Shotgun metagenomic sequencing identified 31 shared microbial species altered in both conditions (false discovery rate [FDR] < 0.25). Of these, 10 species, including Ruminococcus gnavus and Flavonifractor plautii, were consistently enriched in participants with adenomas. Simultaneously, 21 health-associated microbes, including Faecalibacterium prausnitzii, were significantly depleted in the adenoma-resected cohort.
In contrast to the ongoing CRC patients, participants in the adenoma-resected cohort rarely harbored oral-derived pathogens, which typically co-occur with CRC, e.g., Fusobacterium nucleatum, suggesting that these microbes may become more prominent later during cancer progression or may remain below stool-detection thresholds at the adenoma stage.
Fecal metabolome analyses identified 30 altered metabolites and 7 disrupted functional subpathways in participants who underwent adenoma resection. Inflammation-associated lipids, including sphingolipids and secondary bile acids like ursodeoxycholate, were found to be significantly enriched. Furthermore, the analyses identified 15 highly dysregulated metabolites, for which microbial community structures accounted for over 20% of their variance.

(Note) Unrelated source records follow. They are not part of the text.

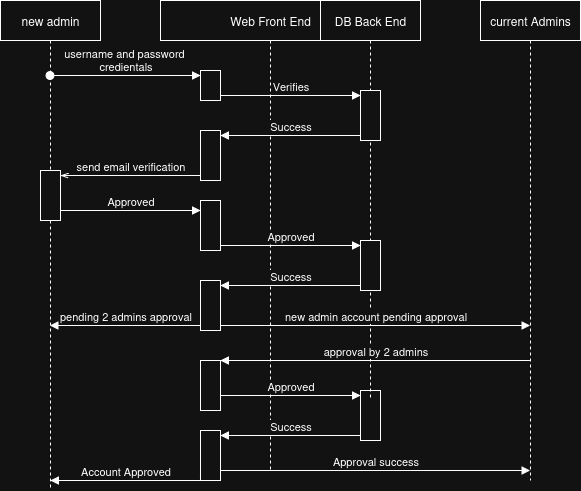

The diagram above was exported from draw.io. Its source (the exported page's mxGraphModel, read from the mxfile embedded in the PNG):
<mxGraphModel dx="1373" dy="745" grid="1" gridSize="10" guides="1" tooltips="1" connect="1" arrows="1" fold="1" page="1" pageScale="1" pageWidth="850" pageHeight="1100" math="0" shadow="0">
  <root>
    <mxCell id="0" />
    <mxCell id="1" parent="0" />
    <mxCell id="6H3Bjmp79qeUppPzs6rY-1" value="new admin" style="shape=umlLifeline;perimeter=lifelinePerimeter;whiteSpace=wrap;html=1;container=1;dropTarget=0;collapsible=0;recursiveResize=0;outlineConnect=0;portConstraint=eastwest;newEdgeStyle={&quot;curved&quot;:0,&quot;rounded&quot;:0};" parent="1" vertex="1">
      <mxGeometry x="80" y="80" width="100" height="490" as="geometry" />
    </mxCell>
    <mxCell id="sjYvWvj8S3icoiTuWFaY-1" value="" style="html=1;points=[[0,0,0,0,5],[0,1,0,0,-5],[1,0,0,0,5],[1,1,0,0,-5]];perimeter=orthogonalPerimeter;outlineConnect=0;targetShapes=umlLifeline;portConstraint=eastwest;newEdgeStyle={&quot;curved&quot;:0,&quot;rounded&quot;:0};" parent="6H3Bjmp79qeUppPzs6rY-1" vertex="1">
      <mxGeometry x="40" y="170" width="20" height="50" as="geometry" />
    </mxCell>
    <mxCell id="6H3Bjmp79qeUppPzs6rY-2" value="Web Front End" style="shape=umlLifeline;perimeter=lifelinePerimeter;whiteSpace=wrap;html=1;container=1;dropTarget=0;collapsible=0;recursiveResize=0;outlineConnect=0;portConstraint=eastwest;newEdgeStyle={&quot;curved&quot;:0,&quot;rounded&quot;:0};" parent="1" vertex="1">
      <mxGeometry x="240" y="80" width="220" height="470" as="geometry" />
    </mxCell>
    <mxCell id="6H3Bjmp79qeUppPzs6rY-109" value="" style="html=1;points=[[0,0,0,0,5],[0,1,0,0,-5],[1,0,0,0,5],[1,1,0,0,-5]];perimeter=orthogonalPerimeter;outlineConnect=0;targetShapes=umlLifeline;portConstraint=eastwest;newEdgeStyle={&quot;curved&quot;:0,&quot;rounded&quot;:0};" parent="6H3Bjmp79qeUppPzs6rY-2" vertex="1">
      <mxGeometry x="40" y="70" width="20" height="30" as="geometry" />
    </mxCell>
    <mxCell id="6H3Bjmp79qeUppPzs6rY-110" value="&lt;div&gt;username and password&amp;nbsp;&lt;/div&gt;&lt;div&gt;credientals&lt;/div&gt;" style="html=1;verticalAlign=bottom;startArrow=oval;endArrow=block;startSize=8;curved=0;rounded=0;entryX=0;entryY=0;entryDx=0;entryDy=5;" parent="6H3Bjmp79qeUppPzs6rY-2" target="6H3Bjmp79qeUppPzs6rY-109" edge="1">
      <mxGeometry relative="1" as="geometry">
        <mxPoint x="-110.5" y="75" as="sourcePoint" />
      </mxGeometry>
    </mxCell>
    <mxCell id="jfR2jLEAoJECHaeN6gyZ-3" value="" style="html=1;points=[[0,0,0,0,5],[0,1,0,0,-5],[1,0,0,0,5],[1,1,0,0,-5]];perimeter=orthogonalPerimeter;outlineConnect=0;targetShapes=umlLifeline;portConstraint=eastwest;newEdgeStyle={&quot;curved&quot;:0,&quot;rounded&quot;:0};" parent="6H3Bjmp79qeUppPzs6rY-2" vertex="1">
      <mxGeometry x="40" y="130" width="20" height="50" as="geometry" />
    </mxCell>
    <mxCell id="jfR2jLEAoJECHaeN6gyZ-6" value="" style="html=1;points=[[0,0,0,0,5],[0,1,0,0,-5],[1,0,0,0,5],[1,1,0,0,-5]];perimeter=orthogonalPerimeter;outlineConnect=0;targetShapes=umlLifeline;portConstraint=eastwest;newEdgeStyle={&quot;curved&quot;:0,&quot;rounded&quot;:0};" parent="6H3Bjmp79qeUppPzs6rY-2" vertex="1">
      <mxGeometry x="40" y="200" width="20" height="50" as="geometry" />
    </mxCell>
    <mxCell id="jfR2jLEAoJECHaeN6gyZ-11" value="" style="html=1;points=[[0,0,0,0,5],[0,1,0,0,-5],[1,0,0,0,5],[1,1,0,0,-5]];perimeter=orthogonalPerimeter;outlineConnect=0;targetShapes=umlLifeline;portConstraint=eastwest;newEdgeStyle={&quot;curved&quot;:0,&quot;rounded&quot;:0};" parent="6H3Bjmp79qeUppPzs6rY-2" vertex="1">
      <mxGeometry x="40" y="280" width="20" height="50" as="geometry" />
    </mxCell>
    <mxCell id="sjYvWvj8S3icoiTuWFaY-4" value="" style="html=1;points=[[0,0,0,0,5],[0,1,0,0,-5],[1,0,0,0,5],[1,1,0,0,-5]];perimeter=orthogonalPerimeter;outlineConnect=0;targetShapes=umlLifeline;portConstraint=eastwest;newEdgeStyle={&quot;curved&quot;:0,&quot;rounded&quot;:0};" parent="6H3Bjmp79qeUppPzs6rY-2" vertex="1">
      <mxGeometry x="40" y="360" width="20" height="50" as="geometry" />
    </mxCell>
    <mxCell id="sjYvWvj8S3icoiTuWFaY-12" value="" style="html=1;points=[[0,0,0,0,5],[0,1,0,0,-5],[1,0,0,0,5],[1,1,0,0,-5]];perimeter=orthogonalPerimeter;outlineConnect=0;targetShapes=umlLifeline;portConstraint=eastwest;newEdgeStyle={&quot;curved&quot;:0,&quot;rounded&quot;:0};" parent="6H3Bjmp79qeUppPzs6rY-2" vertex="1">
      <mxGeometry x="200" y="390" width="20" height="50" as="geometry" />
    </mxCell>
    <mxCell id="sjYvWvj8S3icoiTuWFaY-13" value="Approved" style="html=1;verticalAlign=bottom;endArrow=block;curved=0;rounded=0;exitX=1;exitY=1;exitDx=0;exitDy=-5;exitPerimeter=0;entryX=0;entryY=0;entryDx=0;entryDy=5;entryPerimeter=0;" parent="6H3Bjmp79qeUppPzs6rY-2" target="sjYvWvj8S3icoiTuWFaY-12" edge="1">
      <mxGeometry width="80" relative="1" as="geometry">
        <mxPoint x="60" y="395" as="sourcePoint" />
        <mxPoint x="170" y="395" as="targetPoint" />
      </mxGeometry>
    </mxCell>
    <mxCell id="sjYvWvj8S3icoiTuWFaY-14" value="Success" style="html=1;verticalAlign=bottom;endArrow=block;curved=0;rounded=0;exitX=0;exitY=1;exitDx=0;exitDy=-5;exitPerimeter=0;entryX=1;entryY=0;entryDx=0;entryDy=5;entryPerimeter=0;" parent="6H3Bjmp79qeUppPzs6rY-2" source="sjYvWvj8S3icoiTuWFaY-15" edge="1">
      <mxGeometry x="1" y="-70" width="80" relative="1" as="geometry">
        <mxPoint x="160" y="440" as="sourcePoint" />
        <mxPoint x="60" y="435" as="targetPoint" />
        <mxPoint x="7" y="-31" as="offset" />
      </mxGeometry>
    </mxCell>
    <mxCell id="sjYvWvj8S3icoiTuWFaY-15" value="" style="html=1;points=[[0,0,0,0,5],[0,1,0,0,-5],[1,0,0,0,5],[1,1,0,0,-5]];perimeter=orthogonalPerimeter;outlineConnect=0;targetShapes=umlLifeline;portConstraint=eastwest;newEdgeStyle={&quot;curved&quot;:0,&quot;rounded&quot;:0};" parent="6H3Bjmp79qeUppPzs6rY-2" vertex="1">
      <mxGeometry x="40" y="430" width="20" height="50" as="geometry" />
    </mxCell>
    <mxCell id="sjYvWvj8S3icoiTuWFaY-16" value="" style="html=1;verticalAlign=bottom;endArrow=block;curved=0;rounded=0;exitX=0;exitY=1;exitDx=0;exitDy=-5;exitPerimeter=0;entryX=1;entryY=0;entryDx=0;entryDy=5;entryPerimeter=0;" parent="6H3Bjmp79qeUppPzs6rY-2" source="sjYvWvj8S3icoiTuWFaY-12" target="sjYvWvj8S3icoiTuWFaY-15" edge="1">
      <mxGeometry width="80" relative="1" as="geometry">
        <mxPoint x="440" y="515" as="sourcePoint" />
        <mxPoint x="300" y="515" as="targetPoint" />
      </mxGeometry>
    </mxCell>
    <mxCell id="6H3Bjmp79qeUppPzs6rY-3" value="DB Back End" style="shape=umlLifeline;perimeter=lifelinePerimeter;whiteSpace=wrap;html=1;container=1;dropTarget=0;collapsible=0;recursiveResize=0;outlineConnect=0;portConstraint=eastwest;newEdgeStyle={&quot;curved&quot;:0,&quot;rounded&quot;:0};" parent="1" vertex="1">
      <mxGeometry x="400" y="80" width="100" height="400" as="geometry" />
    </mxCell>
    <mxCell id="6H3Bjmp79qeUppPzs6rY-113" value="" style="html=1;points=[[0,0,0,0,5],[0,1,0,0,-5],[1,0,0,0,5],[1,1,0,0,-5]];perimeter=orthogonalPerimeter;outlineConnect=0;targetShapes=umlLifeline;portConstraint=eastwest;newEdgeStyle={&quot;curved&quot;:0,&quot;rounded&quot;:0};" parent="6H3Bjmp79qeUppPzs6rY-3" vertex="1">
      <mxGeometry x="40" y="90" width="20" height="50" as="geometry" />
    </mxCell>
    <mxCell id="jfR2jLEAoJECHaeN6gyZ-8" value="" style="html=1;points=[[0,0,0,0,5],[0,1,0,0,-5],[1,0,0,0,5],[1,1,0,0,-5]];perimeter=orthogonalPerimeter;outlineConnect=0;targetShapes=umlLifeline;portConstraint=eastwest;newEdgeStyle={&quot;curved&quot;:0,&quot;rounded&quot;:0};" parent="6H3Bjmp79qeUppPzs6rY-3" vertex="1">
      <mxGeometry x="40" y="240" width="20" height="50" as="geometry" />
    </mxCell>
    <mxCell id="6H3Bjmp79qeUppPzs6rY-114" value="Verifies" style="html=1;verticalAlign=bottom;endArrow=block;curved=0;rounded=0;exitX=1;exitY=1;exitDx=0;exitDy=-5;exitPerimeter=0;" parent="1" source="6H3Bjmp79qeUppPzs6rY-109" target="6H3Bjmp79qeUppPzs6rY-113" edge="1">
      <mxGeometry relative="1" as="geometry">
        <mxPoint x="370" y="250" as="sourcePoint" />
      </mxGeometry>
    </mxCell>
    <mxCell id="6H3Bjmp79qeUppPzs6rY-115" value="Success" style="html=1;verticalAlign=bottom;endArrow=block;endSize=6;curved=0;rounded=0;exitX=0;exitY=1;exitDx=0;exitDy=-5;entryX=1;entryY=0;entryDx=0;entryDy=5;entryPerimeter=0;endFill=1;" parent="1" source="6H3Bjmp79qeUppPzs6rY-113" target="jfR2jLEAoJECHaeN6gyZ-3" edge="1">
      <mxGeometry relative="1" as="geometry">
        <mxPoint x="370" y="320" as="targetPoint" />
      </mxGeometry>
    </mxCell>
    <mxCell id="6H3Bjmp79qeUppPzs6rY-116" value="send email verification" style="html=1;verticalAlign=bottom;endArrow=openThin;endSize=6;curved=0;rounded=0;exitX=0;exitY=1;exitDx=0;exitDy=-5;exitPerimeter=0;endFill=0;" parent="1" source="jfR2jLEAoJECHaeN6gyZ-3" target="sjYvWvj8S3icoiTuWFaY-1" edge="1">
      <mxGeometry relative="1" as="geometry">
        <mxPoint x="230" y="250" as="sourcePoint" />
        <mxPoint x="210" y="310" as="targetPoint" />
      </mxGeometry>
    </mxCell>
    <mxCell id="jfR2jLEAoJECHaeN6gyZ-1" value="current Admins" style="shape=umlLifeline;perimeter=lifelinePerimeter;whiteSpace=wrap;html=1;container=1;dropTarget=0;collapsible=0;recursiveResize=0;outlineConnect=0;portConstraint=eastwest;newEdgeStyle={&quot;curved&quot;:0,&quot;rounded&quot;:0};" parent="1" vertex="1">
      <mxGeometry x="560" y="80" width="100" height="480" as="geometry" />
    </mxCell>
    <mxCell id="jfR2jLEAoJECHaeN6gyZ-7" value="Approved" style="html=1;verticalAlign=bottom;endArrow=block;curved=0;rounded=0;exitX=1;exitY=1;exitDx=0;exitDy=-5;exitPerimeter=0;entryX=0;entryY=0;entryDx=0;entryDy=5;entryPerimeter=0;" parent="1" source="jfR2jLEAoJECHaeN6gyZ-6" target="jfR2jLEAoJECHaeN6gyZ-8" edge="1">
      <mxGeometry width="80" relative="1" as="geometry">
        <mxPoint x="340" y="430" as="sourcePoint" />
        <mxPoint x="410" y="325" as="targetPoint" />
      </mxGeometry>
    </mxCell>
    <mxCell id="jfR2jLEAoJECHaeN6gyZ-9" value="Success" style="html=1;verticalAlign=bottom;endArrow=block;curved=0;rounded=0;exitX=0;exitY=1;exitDx=0;exitDy=-5;exitPerimeter=0;entryX=1;entryY=0;entryDx=0;entryDy=5;entryPerimeter=0;" parent="1" source="jfR2jLEAoJECHaeN6gyZ-8" target="jfR2jLEAoJECHaeN6gyZ-11" edge="1">
      <mxGeometry width="80" relative="1" as="geometry">
        <mxPoint x="400" y="370" as="sourcePoint" />
        <mxPoint x="540" y="370" as="targetPoint" />
      </mxGeometry>
    </mxCell>
    <mxCell id="jfR2jLEAoJECHaeN6gyZ-12" value="pending 2 admins approval" style="html=1;verticalAlign=bottom;endArrow=block;curved=0;rounded=0;exitX=0;exitY=1;exitDx=0;exitDy=-5;exitPerimeter=0;" parent="1" source="jfR2jLEAoJECHaeN6gyZ-11" target="6H3Bjmp79qeUppPzs6rY-1" edge="1">
      <mxGeometry width="80" relative="1" as="geometry">
        <mxPoint x="270" y="400" as="sourcePoint" />
        <mxPoint x="130" y="400" as="targetPoint" />
      </mxGeometry>
    </mxCell>
    <mxCell id="jfR2jLEAoJECHaeN6gyZ-13" value="new admin account pending approval" style="html=1;verticalAlign=bottom;endArrow=block;curved=0;rounded=0;exitX=1;exitY=1;exitDx=0;exitDy=-5;exitPerimeter=0;" parent="1" source="jfR2jLEAoJECHaeN6gyZ-11" target="jfR2jLEAoJECHaeN6gyZ-1" edge="1">
      <mxGeometry width="80" relative="1" as="geometry">
        <mxPoint x="310" y="460" as="sourcePoint" />
        <mxPoint x="160" y="460" as="targetPoint" />
      </mxGeometry>
    </mxCell>
    <mxCell id="sjYvWvj8S3icoiTuWFaY-3" value="Approved" style="html=1;verticalAlign=bottom;endArrow=block;curved=0;rounded=0;entryX=0;entryY=0;entryDx=0;entryDy=5;entryPerimeter=0;" parent="1" edge="1">
      <mxGeometry width="80" relative="1" as="geometry">
        <mxPoint x="140" y="290" as="sourcePoint" />
        <mxPoint x="280" y="290" as="targetPoint" />
      </mxGeometry>
    </mxCell>
    <mxCell id="sjYvWvj8S3icoiTuWFaY-5" value="approval by 2 admins" style="html=1;verticalAlign=bottom;endArrow=block;curved=0;rounded=0;" parent="1" source="jfR2jLEAoJECHaeN6gyZ-1" target="sjYvWvj8S3icoiTuWFaY-4" edge="1">
      <mxGeometry width="80" relative="1" as="geometry">
        <mxPoint x="530" y="470" as="sourcePoint" />
        <mxPoint x="390" y="470" as="targetPoint" />
      </mxGeometry>
    </mxCell>
    <mxCell id="sjYvWvj8S3icoiTuWFaY-17" value="Approval success" style="html=1;verticalAlign=bottom;endArrow=block;curved=0;rounded=0;" parent="1" source="sjYvWvj8S3icoiTuWFaY-15" target="jfR2jLEAoJECHaeN6gyZ-1" edge="1">
      <mxGeometry width="80" relative="1" as="geometry">
        <mxPoint x="370" y="560" as="sourcePoint" />
        <mxPoint x="510" y="560" as="targetPoint" />
        <Array as="points">
          <mxPoint x="540" y="550" />
        </Array>
      </mxGeometry>
    </mxCell>
    <mxCell id="sjYvWvj8S3icoiTuWFaY-18" value="Account Approved" style="html=1;verticalAlign=bottom;endArrow=block;curved=0;rounded=0;entryX=0;entryY=0;entryDx=0;entryDy=5;entryPerimeter=0;" parent="1" source="sjYvWvj8S3icoiTuWFaY-15" edge="1">
      <mxGeometry width="80" relative="1" as="geometry">
        <mxPoint x="270" y="560" as="sourcePoint" />
        <mxPoint x="130" y="560" as="targetPoint" />
      </mxGeometry>
    </mxCell>
  </root>
</mxGraphModel>

Finally, the data revealed that unique microbe-metabolite connections emerged independently of overall bacterial abundances. The most significant of these was a distinct link between Bilophila wadsworthia and alanine-containing dipeptides. These enduring changes correlated strongly with CRC-associated lifestyle factors, including higher BMI and less favorable dietary or physical activity patterns.
Conclusions
The present study is the first to empirically establish microbial and metabolic alterations detectable years after adenoma removal, even around a decade following these polyps’ resection. This lingering imbalance indicates a sustained host-microbiome axis that may contribute to ongoing colorectal cancer risk.
Although the all-female cohort limits the study’s immediate generalizability across all populations, these findings suggest that effective prevention may need to go beyond structural adenoma removal. Future clinical strategies could integrate targeted lifestyle modifications and microbiome therapies to help reset the intestinal ecosystem and protect patients from future malignancies. However, because this was an observational study with a single post-resection stool collection, it cannot establish whether the microbiome and metabolome changes caused adenoma formation, resulted from it, or persisted because of other host, dietary, or environmental factors. The authors also noted that stool profiling may miss mucosa-adherent microbes and localized metabolic interactions.